**What you should do:** For the word "Carrinho", return each line of the data in which it occurs.

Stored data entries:
^^^^^^^^^^^^^^^^

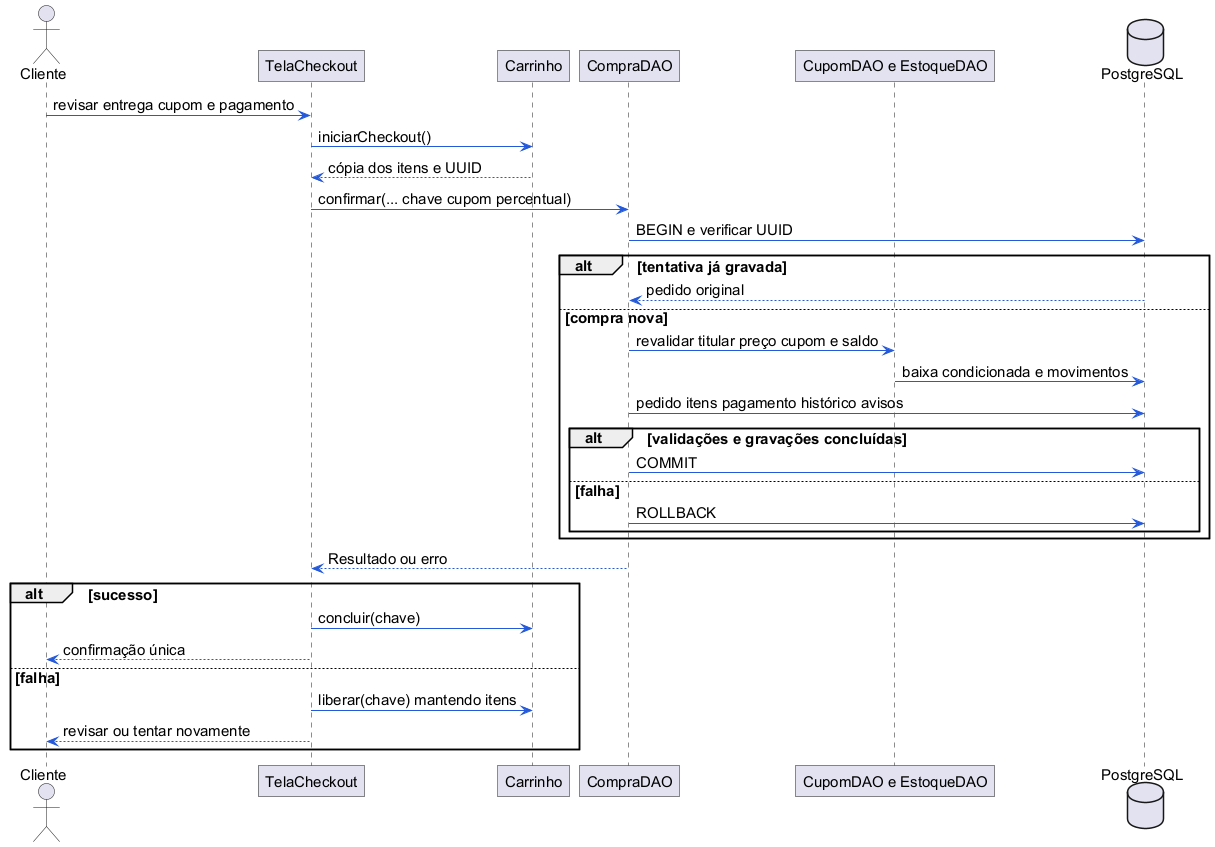

The diagram above was rendered by PlantUML. Its source (embedded in the PNG):
@startuml
!pragma layout smetana
skinparam backgroundColor white
skinparam defaultFontName Arial
skinparam defaultFontSize 15
skinparam shadowing false
skinparam roundcorner 0
skinparam ArrowColor #2459D9
skinparam classBackgroundColor #F4F7FC
skinparam classBorderColor #2459D9
skinparam packageStyle rectangle
actor Cliente
participant TelaCheckout as Tela
participant Carrinho
participant CompraDAO
participant "CupomDAO e EstoqueDAO" as Regras
database PostgreSQL as BD
Cliente -> Tela : revisar entrega cupom e pagamento
Tela -> Carrinho : iniciarCheckout()
Carrinho --> Tela : cópia dos itens e UUID
Tela -> CompraDAO : confirmar(... chave cupom percentual)
CompraDAO -> BD : BEGIN e verificar UUID
alt tentativa já gravada
 BD --> CompraDAO : pedido original
else compra nova
 CompraDAO -> Regras : revalidar titular preço cupom e saldo
 Regras -> BD : baixa condicionada e movimentos
 CompraDAO -> BD : pedido itens pagamento histórico avisos
 alt validações e gravações concluídas
  CompraDAO -> BD : COMMIT
 else falha
  CompraDAO -> BD : ROLLBACK
 end
end
CompraDAO --> Tela : Resultado ou erro
alt sucesso
 Tela -> Carrinho : concluir(chave)
 Tela --> Cliente : confirmação única
else falha
 Tela -> Carrinho : liberar(chave) mantendo itens
 Tela --> Cliente : revisar ou tentar novamente
end
@enduml

^^^^^^^^^^^^^^^^

**Solution for this problem:**
participant Carrinho
Tela -> Carrinho : iniciarCheckout()
Carrinho --> Tela : cópia dos itens e UUID
 Tela -> Carrinho : concluir(chave)
 Tela -> Carrinho : liberar(chave) mantendo itens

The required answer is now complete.